# WHAT TO DO
All entries are to be copied exactly, with pictures removed.

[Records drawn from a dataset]
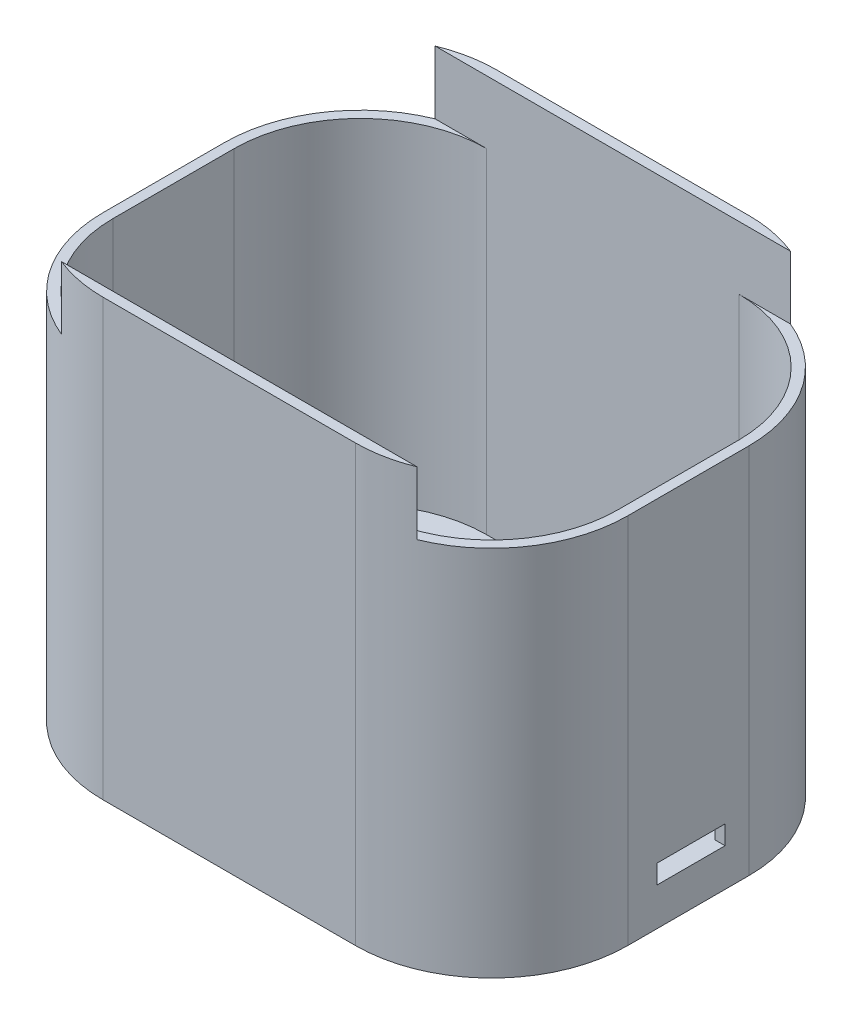
ISO-10303-21;
HEADER;
FILE_DESCRIPTION(('STEP AP214'),'2;1');
FILE_NAME('part.step','',(''),(''),'','','');
FILE_SCHEMA(('AUTOMOTIVE_DESIGN { 1 0 10303 214 1 1 1 1 }'));
ENDSEC;
DATA;
#1=APPLICATION_CONTEXT('core data for automotive mechanical design processes');
#2=APPLICATION_PROTOCOL_DEFINITION('international standard','automotive_design',2000,#1);
#3=PRODUCT_CONTEXT('',#1,'mechanical');
#4=PRODUCT('Part','Part','',(#3));
#5=PRODUCT_RELATED_PRODUCT_CATEGORY('part','',(#4));
#6=PRODUCT_DEFINITION_FORMATION('','',#4);
#7=PRODUCT_DEFINITION_CONTEXT('part definition',#1,'design');
#8=PRODUCT_DEFINITION('design','',#6,#7);
#9=PRODUCT_DEFINITION_SHAPE('','',#8);
#10=(LENGTH_UNIT() NAMED_UNIT(*) SI_UNIT(.MILLI.,.METRE.));
#11=(NAMED_UNIT(*) PLANE_ANGLE_UNIT() SI_UNIT($,.RADIAN.));
#12=(NAMED_UNIT(*) SI_UNIT($,.STERADIAN.) SOLID_ANGLE_UNIT());
#13=UNCERTAINTY_MEASURE_WITH_UNIT(LENGTH_MEASURE(1.E-05),#10,'distance_accuracy_value','');
#14=(GEOMETRIC_REPRESENTATION_CONTEXT(3) GLOBAL_UNCERTAINTY_ASSIGNED_CONTEXT((#13)) GLOBAL_UNIT_ASSIGNED_CONTEXT((#10,
#11,#12)) REPRESENTATION_CONTEXT('',''));
#15=CARTESIAN_POINT('',(0.,0.,0.));
#16=DIRECTION('',(0.,0.,1.));
#17=DIRECTION('',(1.,0.,0.));
#18=AXIS2_PLACEMENT_3D('',#15,#16,#17);
#19=CARTESIAN_POINT('',(-10.,34.5,-4.8));
#20=DIRECTION('',(0.,-1.,0.));
#21=DIRECTION('',(0.,0.,-1.));
#22=AXIS2_PLACEMENT_3D('',#19,#20,#21);
#23=CYLINDRICAL_SURFACE('',#22,10.);
#24=DIRECTION('',(0.,-1.,0.));
#25=VECTOR('',#24,1.);
#26=CARTESIAN_POINT('',(-20.,34.5,-4.8));
#27=LINE('',#26,#25);
#28=CARTESIAN_POINT('',(-20.,29.5,-4.8));
#29=VERTEX_POINT('',#28);
#30=CARTESIAN_POINT('',(-20.,3.,-4.8));
#31=VERTEX_POINT('',#30);
#32=EDGE_CURVE('E382',#29,#31,#27,.T.);
#33=ORIENTED_EDGE('',*,*,#32,.T.);
#34=CARTESIAN_POINT('',(-10.,3.,-4.8));
#35=DIRECTION('',(0.,-1.,0.));
#36=DIRECTION('',(0.,0.,-1.));
#37=AXIS2_PLACEMENT_3D('',#34,#35,#36);
#38=CIRCLE('',#37,10.);
#39=CARTESIAN_POINT('',(-10.,3.,-14.8));
#40=VERTEX_POINT('',#39);
#41=EDGE_CURVE('E296',#31,#40,#38,.T.);
#42=ORIENTED_EDGE('',*,*,#41,.T.);
#43=DIRECTION('',(0.,-1.,0.));
#44=VECTOR('',#43,1.);
#45=CARTESIAN_POINT('',(-10.,34.5,-14.8));
#46=LINE('',#45,#44);
#47=CARTESIAN_POINT('',(-10.,29.5,-14.8));
#48=VERTEX_POINT('',#47);
#49=EDGE_CURVE('E361',#48,#40,#46,.T.);
#50=ORIENTED_EDGE('',*,*,#49,.F.);
#51=CARTESIAN_POINT('',(-10.,29.5,-4.8));
#52=DIRECTION('',(0.,-1.,0.));
#53=DIRECTION('',(0.,0.,-1.));
#54=AXIS2_PLACEMENT_3D('',#51,#52,#53);
#55=CIRCLE('',#54,10.);
#56=EDGE_CURVE('E331',#29,#48,#55,.T.);
#57=ORIENTED_EDGE('',*,*,#56,.F.);
#58=EDGE_LOOP('',(#33,#42,#50,#57));
#59=FACE_BOUND('',#58,.T.);
#60=ADVANCED_FACE('F37',(#59),#23,.F.);
#61=CARTESIAN_POINT('',(-20.,34.5,4.8));
#62=DIRECTION('',(1.,0.,0.));
#63=DIRECTION('',(0.,0.,-1.));
#64=AXIS2_PLACEMENT_3D('',#61,#62,#63);
#65=PLANE('',#64);
#66=DIRECTION('',(0.,1.,0.));
#67=VECTOR('',#66,1.);
#68=CARTESIAN_POINT('',(-20.,34.5,-2.89999999999999));
#69=LINE('',#68,#67);
#70=CARTESIAN_POINT('',(-20.,3.,-2.89999999999999));
#71=VERTEX_POINT('',#70);
#72=CARTESIAN_POINT('',(-20.,4.5,-2.90000000000001));
#73=VERTEX_POINT('',#72);
#74=EDGE_CURVE('E228',#71,#73,#69,.T.);
#75=ORIENTED_EDGE('',*,*,#74,.F.);
#76=DIRECTION('',(0.,0.,-1.));
#77=VECTOR('',#76,1.);
#78=CARTESIAN_POINT('',(-20.,3.,-4.8));
#79=LINE('',#78,#77);
#80=EDGE_CURVE('E292',#71,#31,#79,.T.);
#81=ORIENTED_EDGE('',*,*,#80,.T.);
#82=ORIENTED_EDGE('',*,*,#32,.F.);
#83=DIRECTION('',(0.,0.,-1.));
#84=VECTOR('',#83,1.);
#85=CARTESIAN_POINT('',(-20.,29.5,4.8));
#86=LINE('',#85,#84);
#87=CARTESIAN_POINT('',(-20.,29.5,4.8));
#88=VERTEX_POINT('',#87);
#89=EDGE_CURVE('E329',#88,#29,#86,.T.);
#90=ORIENTED_EDGE('',*,*,#89,.F.);
#91=DIRECTION('',(0.,-1.,0.));
#92=VECTOR('',#91,1.);
#93=CARTESIAN_POINT('',(-20.,34.5,4.8));
#94=LINE('',#93,#92);
#95=CARTESIAN_POINT('',(-20.,3.,4.8));
#96=VERTEX_POINT('',#95);
#97=EDGE_CURVE('E379',#88,#96,#94,.T.);
#98=ORIENTED_EDGE('',*,*,#97,.T.);
#99=CARTESIAN_POINT('',(-20.,3.,2.50000000000001));
#100=VERTEX_POINT('',#99);
#101=EDGE_CURVE('E293',#96,#100,#79,.T.);
#102=ORIENTED_EDGE('',*,*,#101,.T.);
#103=DIRECTION('',(0.,-1.,0.));
#104=VECTOR('',#103,1.);
#105=CARTESIAN_POINT('',(-20.,34.5,2.50000000000001));
#106=LINE('',#105,#104);
#107=CARTESIAN_POINT('',(-20.,4.5,2.50000000000001));
#108=VERTEX_POINT('',#107);
#109=EDGE_CURVE('E274',#108,#100,#106,.T.);
#110=ORIENTED_EDGE('',*,*,#109,.F.);
#111=DIRECTION('',(0.,0.,1.));
#112=VECTOR('',#111,1.);
#113=CARTESIAN_POINT('',(-20.,4.5,4.8));
#114=LINE('',#113,#112);
#115=EDGE_CURVE('E281',#73,#108,#114,.T.);
#116=ORIENTED_EDGE('',*,*,#115,.F.);
#117=EDGE_LOOP('',(#75,#81,#82,#90,#98,#102,#110,#116));
#118=FACE_BOUND('',#117,.T.);
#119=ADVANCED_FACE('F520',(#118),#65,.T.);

# OUTPUT
ISO-10303-21;
HEADER;
FILE_DESCRIPTION(('STEP AP214'),'2;1');
FILE_NAME('part.step','',(''),(''),'','','');
FILE_SCHEMA(('AUTOMOTIVE_DESIGN { 1 0 10303 214 1 1 1 1 }'));
ENDSEC;
DATA;
#1=APPLICATION_CONTEXT('core data for automotive mechanical design processes');
#2=APPLICATION_PROTOCOL_DEFINITION('international standard','automotive_design',2000,#1);
#3=PRODUCT_CONTEXT('',#1,'mechanical');
#4=PRODUCT('Part','Part','',(#3));
#5=PRODUCT_RELATED_PRODUCT_CATEGORY('part','',(#4));
#6=PRODUCT_DEFINITION_FORMATION('','',#4);
#7=PRODUCT_DEFINITION_CONTEXT('part definition',#1,'design');
#8=PRODUCT_DEFINITION('design','',#6,#7);
#9=PRODUCT_DEFINITION_SHAPE('','',#8);
#10=(LENGTH_UNIT() NAMED_UNIT(*) SI_UNIT(.MILLI.,.METRE.));
#11=(NAMED_UNIT(*) PLANE_ANGLE_UNIT() SI_UNIT($,.RADIAN.));
#12=(NAMED_UNIT(*) SI_UNIT($,.STERADIAN.) SOLID_ANGLE_UNIT());
#13=UNCERTAINTY_MEASURE_WITH_UNIT(LENGTH_MEASURE(1.E-05),#10,'distance_accuracy_value','');
#14=(GEOMETRIC_REPRESENTATION_CONTEXT(3) GLOBAL_UNCERTAINTY_ASSIGNED_CONTEXT((#13)) GLOBAL_UNIT_ASSIGNED_CONTEXT((#10,
#11,#12)) REPRESENTATION_CONTEXT('',''));
#15=CARTESIAN_POINT('',(0.,0.,0.));
#16=DIRECTION('',(0.,0.,1.));
#17=DIRECTION('',(1.,0.,0.));
#18=AXIS2_PLACEMENT_3D('',#15,#16,#17);
#19=CARTESIAN_POINT('',(-10.,34.5,-4.8));
#20=DIRECTION('',(0.,-1.,0.));
#21=DIRECTION('',(0.,0.,-1.));
#22=AXIS2_PLACEMENT_3D('',#19,#20,#21);
#23=CYLINDRICAL_SURFACE('',#22,10.);
#24=DIRECTION('',(0.,-1.,0.));
#25=VECTOR('',#24,1.);
#26=CARTESIAN_POINT('',(-20.,34.5,-4.8));
#27=LINE('',#26,#25);
#28=CARTESIAN_POINT('',(-20.,29.5,-4.8));
#29=VERTEX_POINT('',#28);
#30=CARTESIAN_POINT('',(-20.,3.,-4.8));
#31=VERTEX_POINT('',#30);
#32=EDGE_CURVE('E382',#29,#31,#27,.T.);
#33=ORIENTED_EDGE('',*,*,#32,.T.);
#34=CARTESIAN_POINT('',(-10.,3.,-4.8));
#35=DIRECTION('',(0.,-1.,0.));
#36=DIRECTION('',(0.,0.,-1.));
#37=AXIS2_PLACEMENT_3D('',#34,#35,#36);
#38=CIRCLE('',#37,10.);
#39=CARTESIAN_POINT('',(-10.,3.,-14.8));
#40=VERTEX_POINT('',#39);
#41=EDGE_CURVE('E296',#31,#40,#38,.T.);
#42=ORIENTED_EDGE('',*,*,#41,.T.);
#43=DIRECTION('',(0.,-1.,0.));
#44=VECTOR('',#43,1.);
#45=CARTESIAN_POINT('',(-10.,34.5,-14.8));
#46=LINE('',#45,#44);
#47=CARTESIAN_POINT('',(-10.,29.5,-14.8));
#48=VERTEX_POINT('',#47);
#49=EDGE_CURVE('E361',#48,#40,#46,.T.);
#50=ORIENTED_EDGE('',*,*,#49,.F.);
#51=CARTESIAN_POINT('',(-10.,29.5,-4.8));
#52=DIRECTION('',(0.,-1.,0.));
#53=DIRECTION('',(0.,0.,-1.));
#54=AXIS2_PLACEMENT_3D('',#51,#52,#53);
#55=CIRCLE('',#54,10.);
#56=EDGE_CURVE('E331',#29,#48,#55,.T.);
#57=ORIENTED_EDGE('',*,*,#56,.F.);
#58=EDGE_LOOP('',(#33,#42,#50,#57));
#59=FACE_BOUND('',#58,.T.);
#60=ADVANCED_FACE('F37',(#59),#23,.F.);
#61=CARTESIAN_POINT('',(-20.,34.5,4.8));
#62=DIRECTION('',(1.,0.,0.));
#63=DIRECTION('',(0.,0.,-1.));
#64=AXIS2_PLACEMENT_3D('',#61,#62,#63);
#65=PLANE('',#64);
#66=DIRECTION('',(0.,1.,0.));
#67=VECTOR('',#66,1.);
#68=CARTESIAN_POINT('',(-20.,34.5,-2.89999999999999));
#69=LINE('',#68,#67);
#70=CARTESIAN_POINT('',(-20.,3.,-2.89999999999999));
#71=VERTEX_POINT('',#70);
#72=CARTESIAN_POINT('',(-20.,4.5,-2.90000000000001));
#73=VERTEX_POINT('',#72);
#74=EDGE_CURVE('E228',#71,#73,#69,.T.);
#75=ORIENTED_EDGE('',*,*,#74,.F.);
#76=DIRECTION('',(0.,0.,-1.));
#77=VECTOR('',#76,1.);
#78=CARTESIAN_POINT('',(-20.,3.,-4.8));
#79=LINE('',#78,#77);
#80=EDGE_CURVE('E292',#71,#31,#79,.T.);
#81=ORIENTED_EDGE('',*,*,#80,.T.);
#82=ORIENTED_EDGE('',*,*,#32,.F.);
#83=DIRECTION('',(0.,0.,-1.));
#84=VECTOR('',#83,1.);
#85=CARTESIAN_POINT('',(-20.,29.5,4.8));
#86=LINE('',#85,#84);
#87=CARTESIAN_POINT('',(-20.,29.5,4.8));
#88=VERTEX_POINT('',#87);
#89=EDGE_CURVE('E329',#88,#29,#86,.T.);
#90=ORIENTED_EDGE('',*,*,#89,.F.);
#91=DIRECTION('',(0.,-1.,0.));
#92=VECTOR('',#91,1.);
#93=CARTESIAN_POINT('',(-20.,34.5,4.8));
#94=LINE('',#93,#92);
#95=CARTESIAN_POINT('',(-20.,3.,4.8));
#96=VERTEX_POINT('',#95);
#97=EDGE_CURVE('E379',#88,#96,#94,.T.);
#98=ORIENTED_EDGE('',*,*,#97,.T.);
#99=CARTESIAN_POINT('',(-20.,3.,2.50000000000001));
#100=VERTEX_POINT('',#99);
#101=EDGE_CURVE('E293',#96,#100,#79,.T.);
#102=ORIENTED_EDGE('',*,*,#101,.T.);
#103=DIRECTION('',(0.,-1.,0.));
#104=VECTOR('',#103,1.);
#105=CARTESIAN_POINT('',(-20.,34.5,2.50000000000001));
#106=LINE('',#105,#104);
#107=CARTESIAN_POINT('',(-20.,4.5,2.50000000000001));
#108=VERTEX_POINT('',#107);
#109=EDGE_CURVE('E274',#108,#100,#106,.T.);
#110=ORIENTED_EDGE('',*,*,#109,.F.);
#111=DIRECTION('',(0.,0.,1.));
#112=VECTOR('',#111,1.);
#113=CARTESIAN_POINT('',(-20.,4.5,4.8));
#114=LINE('',#113,#112);
#115=EDGE_CURVE('E281',#73,#108,#114,.T.);
#116=ORIENTED_EDGE('',*,*,#115,.F.);
#117=EDGE_LOOP('',(#75,#81,#82,#90,#98,#102,#110,#116));
#118=FACE_BOUND('',#117,.T.);
#119=ADVANCED_FACE('F520',(#118),#65,.T.);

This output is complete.